# Nine to five



## nomilknosugar (May 9, 2017)

My coffee set-up at work. The Kalita Wave (hidden on the left) is taking a break at the moment, as I've moved the Classic and the Eureka (after refurbishment and pimping) from home to the office. After all, I'm there for at least eight hours a day, so plenty of time for a brew. Plus, my boss is Italian and his reaction to my coffee is a good benchmark for my barista skillz, innit.


----------



## joey24dirt (Jan 28, 2017)

nomilknosugar said:


> My coffee set-up at work. The Kalita Wave (hidden on the left) is taking a break at the moment, as I've moved the Classic and the Eureka (after refurbishment and pimping) from home to the office. After all, I'm there for at least eight hours a day, so plenty of time for a brew. Plus, my boss is Italian and his reaction to my coffee is a good benchmark for my barista skillz, innit.
> 
> View attachment 28753


Looks awesome... and what a cool boss!! I'm desperate to get a decent set up at work.
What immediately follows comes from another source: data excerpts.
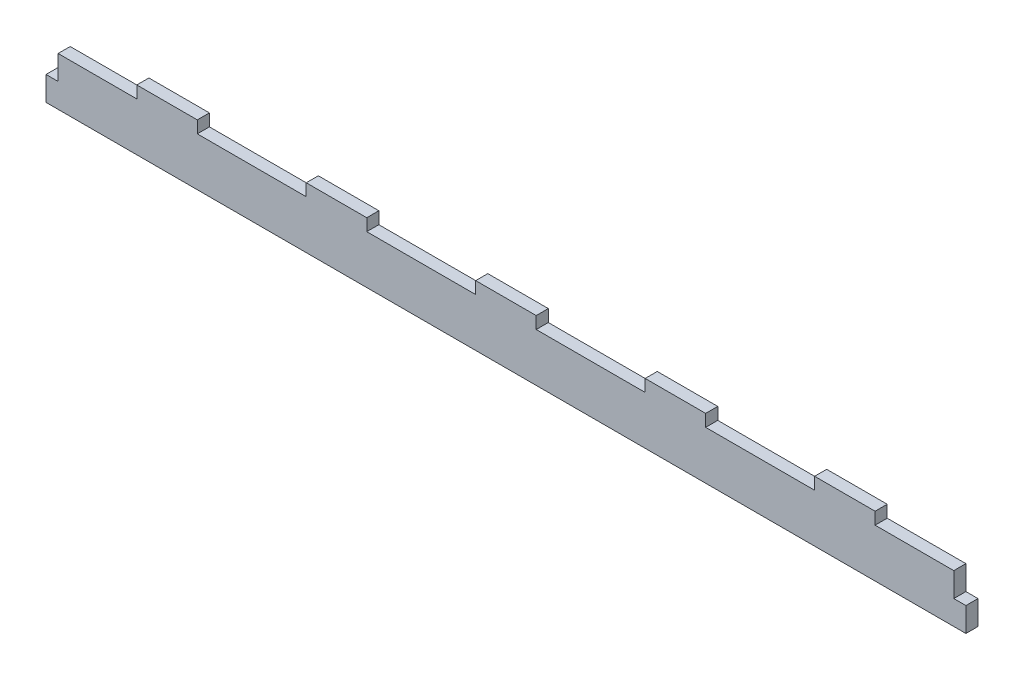
ISO-10303-21;
HEADER;
FILE_DESCRIPTION(('STEP AP214'),'2;1');
FILE_NAME('part.step','',(''),(''),'','','');
FILE_SCHEMA(('AUTOMOTIVE_DESIGN { 1 0 10303 214 1 1 1 1 }'));
ENDSEC;
DATA;
#1=APPLICATION_CONTEXT('core data for automotive mechanical design processes');
#2=APPLICATION_PROTOCOL_DEFINITION('international standard','automotive_design',2000,#1);
#3=PRODUCT_CONTEXT('',#1,'mechanical');
#4=PRODUCT('Part','Part','',(#3));
#5=PRODUCT_RELATED_PRODUCT_CATEGORY('part','',(#4));
#6=PRODUCT_DEFINITION_FORMATION('','',#4);
#7=PRODUCT_DEFINITION_CONTEXT('part definition',#1,'design');
#8=PRODUCT_DEFINITION('design','',#6,#7);
#9=PRODUCT_DEFINITION_SHAPE('','',#8);
#10=(LENGTH_UNIT() NAMED_UNIT(*) SI_UNIT(.MILLI.,.METRE.));
#11=(NAMED_UNIT(*) PLANE_ANGLE_UNIT() SI_UNIT($,.RADIAN.));
#12=(NAMED_UNIT(*) SI_UNIT($,.STERADIAN.) SOLID_ANGLE_UNIT());
#13=UNCERTAINTY_MEASURE_WITH_UNIT(LENGTH_MEASURE(1.E-05),#10,'distance_accuracy_value','');
#14=(GEOMETRIC_REPRESENTATION_CONTEXT(3) GLOBAL_UNCERTAINTY_ASSIGNED_CONTEXT((#13)) GLOBAL_UNIT_ASSIGNED_CONTEXT((#10,
#11,#12)) REPRESENTATION_CONTEXT('',''));
#15=CARTESIAN_POINT('',(0.,0.,0.));
#16=DIRECTION('',(0.,0.,1.));
#17=DIRECTION('',(1.,0.,0.));
#18=AXIS2_PLACEMENT_3D('',#15,#16,#17);
#19=CARTESIAN_POINT('',(72.5000000000003,0.,2.5));
#20=DIRECTION('',(-1.,0.,0.));
#21=DIRECTION('',(0.,0.,1.));
#22=AXIS2_PLACEMENT_3D('',#19,#20,#21);
#23=PLANE('',#22);
#24=DIRECTION('',(0.,1.,0.));
#25=VECTOR('',#24,1.);
#26=CARTESIAN_POINT('',(72.5000000000003,0.,-2.5));
#27=LINE('',#26,#25);
#28=CARTESIAN_POINT('',(72.5000000000003,-24.9999999999885,-2.5));
#29=VERTEX_POINT('',#28);
#30=CARTESIAN_POINT('',(72.5000000000003,-19.9999999999999,-2.5));
#31=VERTEX_POINT('',#30);
#32=EDGE_CURVE('E253',#29,#31,#27,.T.);
#33=ORIENTED_EDGE('',*,*,#32,.F.);
#34=DIRECTION('',(0.,0.,-1.));
#35=VECTOR('',#34,1.);
#36=CARTESIAN_POINT('',(72.5000000000003,-24.9999999999885,2.5));
#37=LINE('',#36,#35);
#38=CARTESIAN_POINT('',(72.5000000000003,-24.9999999999885,2.5));
#39=VERTEX_POINT('',#38);
#40=EDGE_CURVE('E11',#39,#29,#37,.T.);
#41=ORIENTED_EDGE('',*,*,#40,.F.);
#42=DIRECTION('',(0.,1.,0.));
#43=VECTOR('',#42,1.);
#44=CARTESIAN_POINT('',(72.5000000000003,0.,2.5));
#45=LINE('',#44,#43);
#46=CARTESIAN_POINT('',(72.5000000000003,-19.9999999999999,2.5));
#47=VERTEX_POINT('',#46);
#48=EDGE_CURVE('E327',#39,#47,#45,.T.);
#49=ORIENTED_EDGE('',*,*,#48,.T.);
#50=DIRECTION('',(0.,0.,-1.));
#51=VECTOR('',#50,1.);
#52=CARTESIAN_POINT('',(72.5000000000003,-19.9999999999999,2.5));
#53=LINE('',#52,#51);
#54=EDGE_CURVE('E55',#47,#31,#53,.T.);
#55=ORIENTED_EDGE('',*,*,#54,.T.);
#56=EDGE_LOOP('',(#33,#41,#49,#55));
#57=FACE_BOUND('',#56,.T.);
#58=ADVANCED_FACE('F39',(#57),#23,.T.);
#59=CARTESIAN_POINT('',(0.,-24.9999999999885,2.5));
#60=DIRECTION('',(0.,-1.,0.));
#61=DIRECTION('',(0.,0.,-1.));
#62=AXIS2_PLACEMENT_3D('',#59,#60,#61);
#63=PLANE('',#62);
#64=DIRECTION('',(-1.,0.,0.));
#65=VECTOR('',#64,1.);
#66=CARTESIAN_POINT('',(0.,-24.9999999999885,-2.5));
#67=LINE('',#66,#65);
#68=CARTESIAN_POINT('',(40.,-24.9999999999885,-2.5));
#69=VERTEX_POINT('',#68);
#70=EDGE_CURVE('E255',#29,#69,#67,.T.);
#71=ORIENTED_EDGE('',*,*,#70,.T.);
#72=DIRECTION('',(0.,0.,-1.));
#73=VECTOR('',#72,1.);
#74=CARTESIAN_POINT('',(40.,-24.9999999999885,2.5));
#75=LINE('',#74,#73);
#76=CARTESIAN_POINT('',(40.,-24.9999999999885,2.5));
#77=VERTEX_POINT('',#76);
#78=EDGE_CURVE('E47',#77,#69,#75,.T.);
#79=ORIENTED_EDGE('',*,*,#78,.F.);
#80=DIRECTION('',(-1.,0.,0.));
#81=VECTOR('',#80,1.);
#82=CARTESIAN_POINT('',(0.,-24.9999999999885,2.5));
#83=LINE('',#82,#81);
#84=EDGE_CURVE('E404',#39,#77,#83,.T.);
#85=ORIENTED_EDGE('',*,*,#84,.F.);
#86=ORIENTED_EDGE('',*,*,#40,.T.);
#87=EDGE_LOOP('',(#71,#79,#85,#86));
#88=FACE_BOUND('',#87,.T.);
#89=ADVANCED_FACE('F469',(#88),#63,.F.);
#90=CARTESIAN_POINT('',(40.,0.,2.5));
#91=DIRECTION('',(1.,0.,0.));
#92=DIRECTION('',(0.,0.,-1.));
#93=AXIS2_PLACEMENT_3D('',#90,#91,#92);
#94=PLANE('',#93);
#95=DIRECTION('',(0.,-1.,0.));
#96=VECTOR('',#95,1.);
#97=CARTESIAN_POINT('',(40.,0.,-2.5));
#98=LINE('',#97,#96);
#99=CARTESIAN_POINT('',(40.,-34.9999999999885,-2.5));
#100=VERTEX_POINT('',#99);
#101=EDGE_CURVE('E257',#69,#100,#98,.T.);
#102=ORIENTED_EDGE('',*,*,#101,.T.);
#103=DIRECTION('',(0.,0.,-1.));
#104=VECTOR('',#103,1.);
#105=CARTESIAN_POINT('',(40.,-34.9999999999885,2.5));
#106=LINE('',#105,#104);
#107=CARTESIAN_POINT('',(40.,-34.9999999999885,2.5));
#108=VERTEX_POINT('',#107);
#109=EDGE_CURVE('E377',#108,#100,#106,.T.);
#110=ORIENTED_EDGE('',*,*,#109,.F.);
#111=DIRECTION('',(0.,-1.,0.));
#112=VECTOR('',#111,1.);
#113=CARTESIAN_POINT('',(40.,0.,2.5));
#114=LINE('',#113,#112);
#115=EDGE_CURVE('E386',#77,#108,#114,.T.);
#116=ORIENTED_EDGE('',*,*,#115,.F.);
#117=ORIENTED_EDGE('',*,*,#78,.T.);
#118=EDGE_LOOP('',(#102,#110,#116,#117));
#119=FACE_BOUND('',#118,.T.);
#120=ADVANCED_FACE('F384',(#119),#94,.F.);
#121=CARTESIAN_POINT('',(0.,-34.9999999999885,2.5));
#122=DIRECTION('',(0.,-1.,0.));
#123=DIRECTION('',(0.,0.,-1.));
#124=AXIS2_PLACEMENT_3D('',#121,#122,#123);
#125=PLANE('',#124);
#126=DIRECTION('',(-1.,0.,0.));
#127=VECTOR('',#126,1.);
#128=CARTESIAN_POINT('',(0.,-34.9999999999885,-2.5));
#129=LINE('',#128,#127);
#130=CARTESIAN_POINT('',(35.,-34.9999999999885,-2.5));
#131=VERTEX_POINT('',#130);
#132=EDGE_CURVE('E259',#100,#131,#129,.T.);
#133=ORIENTED_EDGE('',*,*,#132,.T.);
#134=DIRECTION('',(0.,0.,-1.));
#135=VECTOR('',#134,1.);
#136=CARTESIAN_POINT('',(35.,-34.9999999999885,2.5));
#137=LINE('',#136,#135);
#138=CARTESIAN_POINT('',(35.,-34.9999999999885,2.5));
#139=VERTEX_POINT('',#138);
#140=EDGE_CURVE('E375',#139,#131,#137,.T.);
#141=ORIENTED_EDGE('',*,*,#140,.F.);
#142=DIRECTION('',(-1.,0.,0.));
#143=VECTOR('',#142,1.);
#144=CARTESIAN_POINT('',(0.,-34.9999999999885,2.5));
#145=LINE('',#144,#143);
#146=EDGE_CURVE('E398',#108,#139,#145,.T.);
#147=ORIENTED_EDGE('',*,*,#146,.F.);
#148=ORIENTED_EDGE('',*,*,#109,.T.);
#149=EDGE_LOOP('',(#133,#141,#147,#148));
#150=FACE_BOUND('',#149,.T.);
#151=ADVANCED_FACE('F395',(#150),#125,.F.);
#152=CARTESIAN_POINT('',(35.,0.,2.5));
#153=DIRECTION('',(-1.,0.,0.));
#154=DIRECTION('',(0.,0.,1.));
#155=AXIS2_PLACEMENT_3D('',#152,#153,#154);
#156=PLANE('',#155);
#157=DIRECTION('',(0.,1.,0.));
#158=VECTOR('',#157,1.);
#159=CARTESIAN_POINT('',(35.,0.,-2.5));
#160=LINE('',#159,#158);
#161=CARTESIAN_POINT('',(35.,-44.9999999999885,-2.5));
#162=VERTEX_POINT('',#161);
#163=EDGE_CURVE('E262',#162,#131,#160,.T.);
#164=ORIENTED_EDGE('',*,*,#163,.F.);
#165=DIRECTION('',(0.,0.,-1.));
#166=VECTOR('',#165,1.);
#167=CARTESIAN_POINT('',(35.,-44.9999999999885,2.5));
#168=LINE('',#167,#166);
#169=CARTESIAN_POINT('',(35.,-44.9999999999885,2.5));
#170=VERTEX_POINT('',#169);
#171=EDGE_CURVE('E373',#170,#162,#168,.T.);
#172=ORIENTED_EDGE('',*,*,#171,.F.);
#173=DIRECTION('',(0.,1.,0.));
#174=VECTOR('',#173,1.);
#175=CARTESIAN_POINT('',(35.,0.,2.5));
#176=LINE('',#175,#174);
#177=EDGE_CURVE('E400',#170,#139,#176,.T.);
#178=ORIENTED_EDGE('',*,*,#177,.T.);
#179=ORIENTED_EDGE('',*,*,#140,.T.);
#180=EDGE_LOOP('',(#164,#172,#178,#179));
#181=FACE_BOUND('',#180,.T.);
#182=ADVANCED_FACE('F480',(#181),#156,.T.);
#183=CARTESIAN_POINT('',(0.,-44.9999999999886,2.5));
#184=DIRECTION('',(0.,-1.,0.));
#185=DIRECTION('',(1.,0.,0.));
#186=AXIS2_PLACEMENT_3D('',#183,#184,#185);
#187=PLANE('',#186);
#188=DIRECTION('',(-1.,0.,0.));
#189=VECTOR('',#188,1.);
#190=CARTESIAN_POINT('',(0.,-44.9999999999886,-2.5));
#191=LINE('',#190,#189);
#192=CARTESIAN_POINT('',(415.000000000001,-44.9999999999885,-2.5));
#193=VERTEX_POINT('',#192);
#194=EDGE_CURVE('E265',#193,#162,#191,.T.);
#195=ORIENTED_EDGE('',*,*,#194,.F.);
#196=DIRECTION('',(0.,0.,-1.));
#197=VECTOR('',#196,1.);
#198=CARTESIAN_POINT('',(415.000000000001,-44.9999999999885,2.5));
#199=LINE('',#198,#197);
#200=CARTESIAN_POINT('',(415.000000000001,-44.9999999999885,2.5));
#201=VERTEX_POINT('',#200);
#202=EDGE_CURVE('E371',#201,#193,#199,.T.);
#203=ORIENTED_EDGE('',*,*,#202,.F.);
#204=DIRECTION('',(-1.,0.,0.));
#205=VECTOR('',#204,1.);
#206=CARTESIAN_POINT('',(0.,-44.9999999999886,2.5));
#207=LINE('',#206,#205);
#208=EDGE_CURVE('E402',#201,#170,#207,.T.);
#209=ORIENTED_EDGE('',*,*,#208,.T.);
#210=ORIENTED_EDGE('',*,*,#171,.T.);
#211=EDGE_LOOP('',(#195,#203,#209,#210));
#212=FACE_BOUND('',#211,.T.);
#213=ADVANCED_FACE('F483',(#212),#187,.T.);
#214=CARTESIAN_POINT('',(415.000000000001,0.,2.5));
#215=DIRECTION('',(-1.,0.,0.));
#216=DIRECTION('',(0.,0.,1.));
#217=AXIS2_PLACEMENT_3D('',#214,#215,#216);
#218=PLANE('',#217);
#219=DIRECTION('',(0.,1.,0.));
#220=VECTOR('',#219,1.);
#221=CARTESIAN_POINT('',(415.000000000001,0.,-2.5));
#222=LINE('',#221,#220);
#223=CARTESIAN_POINT('',(415.000000000001,-34.9999999999885,-2.5));
#224=VERTEX_POINT('',#223);
#225=EDGE_CURVE('E268',#193,#224,#222,.T.);
#226=ORIENTED_EDGE('',*,*,#225,.T.);
#227=DIRECTION('',(0.,0.,-1.));
#228=VECTOR('',#227,1.);
#229=CARTESIAN_POINT('',(415.000000000001,-34.9999999999885,2.5));
#230=LINE('',#229,#228);
#231=CARTESIAN_POINT('',(415.000000000001,-34.9999999999885,2.5));
#232=VERTEX_POINT('',#231);
#233=EDGE_CURVE('E369',#232,#224,#230,.T.);
#234=ORIENTED_EDGE('',*,*,#233,.F.);
#235=DIRECTION('',(0.,1.,0.));
#236=VECTOR('',#235,1.);
#237=CARTESIAN_POINT('',(415.000000000001,0.,2.5));
#238=LINE('',#237,#236);
#239=EDGE_CURVE('E410',#201,#232,#238,.T.);
#240=ORIENTED_EDGE('',*,*,#239,.F.);
#241=ORIENTED_EDGE('',*,*,#202,.T.);
#242=EDGE_LOOP('',(#226,#234,#240,#241));
#243=FACE_BOUND('',#242,.T.);
#244=ADVANCED_FACE('F487',(#243),#218,.F.);
#245=CARTESIAN_POINT('',(0.,-34.9999999999885,2.5));
#246=DIRECTION('',(0.,1.,0.));
#247=DIRECTION('',(0.,0.,1.));
#248=AXIS2_PLACEMENT_3D('',#245,#246,#247);
#249=PLANE('',#248);
#250=DIRECTION('',(1.,0.,0.));
#251=VECTOR('',#250,1.);
#252=CARTESIAN_POINT('',(0.,-34.9999999999885,-2.5));
#253=LINE('',#252,#251);
#254=CARTESIAN_POINT('',(410.000000000001,-34.9999999999885,-2.5));
#255=VERTEX_POINT('',#254);
#256=EDGE_CURVE('E271',#255,#224,#253,.T.);
#257=ORIENTED_EDGE('',*,*,#256,.F.);
#258=DIRECTION('',(0.,0.,-1.));
#259=VECTOR('',#258,1.);
#260=CARTESIAN_POINT('',(410.000000000001,-34.9999999999885,2.5));
#261=LINE('',#260,#259);
#262=CARTESIAN_POINT('',(410.000000000001,-34.9999999999885,2.5));
#263=VERTEX_POINT('',#262);
#264=EDGE_CURVE('E367',#263,#255,#261,.T.);
#265=ORIENTED_EDGE('',*,*,#264,.F.);
#266=DIRECTION('',(1.,0.,0.));
#267=VECTOR('',#266,1.);
#268=CARTESIAN_POINT('',(0.,-34.9999999999885,2.5));
#269=LINE('',#268,#267);
#270=EDGE_CURVE('E412',#263,#232,#269,.T.);
#271=ORIENTED_EDGE('',*,*,#270,.T.);
#272=ORIENTED_EDGE('',*,*,#233,.T.);
#273=EDGE_LOOP('',(#257,#265,#271,#272));
#274=FACE_BOUND('',#273,.T.);
#275=ADVANCED_FACE('F491',(#274),#249,.T.);
#276=CARTESIAN_POINT('',(410.000000000001,0.,2.5));
#277=DIRECTION('',(1.,0.,0.));
#278=DIRECTION('',(0.,0.,-1.));
#279=AXIS2_PLACEMENT_3D('',#276,#277,#278);
#280=PLANE('',#279);
#281=DIRECTION('',(0.,-1.,0.));
#282=VECTOR('',#281,1.);
#283=CARTESIAN_POINT('',(410.000000000001,0.,-2.5));
#284=LINE('',#283,#282);
#285=CARTESIAN_POINT('',(410.000000000001,-24.9999999999885,-2.5));
#286=VERTEX_POINT('',#285);
#287=EDGE_CURVE('E274',#286,#255,#284,.T.);
#288=ORIENTED_EDGE('',*,*,#287,.F.);
#289=DIRECTION('',(0.,0.,-1.));
#290=VECTOR('',#289,1.);
#291=CARTESIAN_POINT('',(410.000000000001,-24.9999999999885,2.5));
#292=LINE('',#291,#290);
#293=CARTESIAN_POINT('',(410.000000000001,-24.9999999999885,2.5));
#294=VERTEX_POINT('',#293);
#295=EDGE_CURVE('E365',#294,#286,#292,.T.);
#296=ORIENTED_EDGE('',*,*,#295,.F.);
#297=DIRECTION('',(0.,-1.,0.));
#298=VECTOR('',#297,1.);
#299=CARTESIAN_POINT('',(410.000000000001,0.,2.5));
#300=LINE('',#299,#298);
#301=EDGE_CURVE('E415',#294,#263,#300,.T.);
#302=ORIENTED_EDGE('',*,*,#301,.T.);
#303=ORIENTED_EDGE('',*,*,#264,.T.);
#304=EDGE_LOOP('',(#288,#296,#302,#303));
#305=FACE_BOUND('',#304,.T.);
#306=ADVANCED_FACE('F495',(#305),#280,.T.);
#307=CARTESIAN_POINT('',(0.,-24.9999999999885,2.5));
#308=DIRECTION('',(0.,-1.,0.));
#309=DIRECTION('',(0.,0.,-1.));
#310=AXIS2_PLACEMENT_3D('',#307,#308,#309);
#311=PLANE('',#310);
#312=DIRECTION('',(-1.,0.,0.));
#313=VECTOR('',#312,1.);
#314=CARTESIAN_POINT('',(0.,-24.9999999999885,-2.5));
#315=LINE('',#314,#313);
#316=CARTESIAN_POINT('',(377.5,-24.9999999999885,-2.5));
#317=VERTEX_POINT('',#316);
#318=EDGE_CURVE('E277',#286,#317,#315,.T.);
#319=ORIENTED_EDGE('',*,*,#318,.T.);
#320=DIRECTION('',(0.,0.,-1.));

Problem is I'm based at loads of different sites as a mobile worker so would need to rig something up in the van


----------



## Stanic (Dec 12, 2015)

Nice corner!

So what was the boss' reaction exactly?


----------



## nomilknosugar (May 9, 2017)

He didn't like the first single origin beans - "too flavoured" (quite fruity, I admit, and not for the purists). Second shot with a Has Bean coffee went down better. The cappuccino the other day was very well received. Better keep at it, practice makes perfect...


----------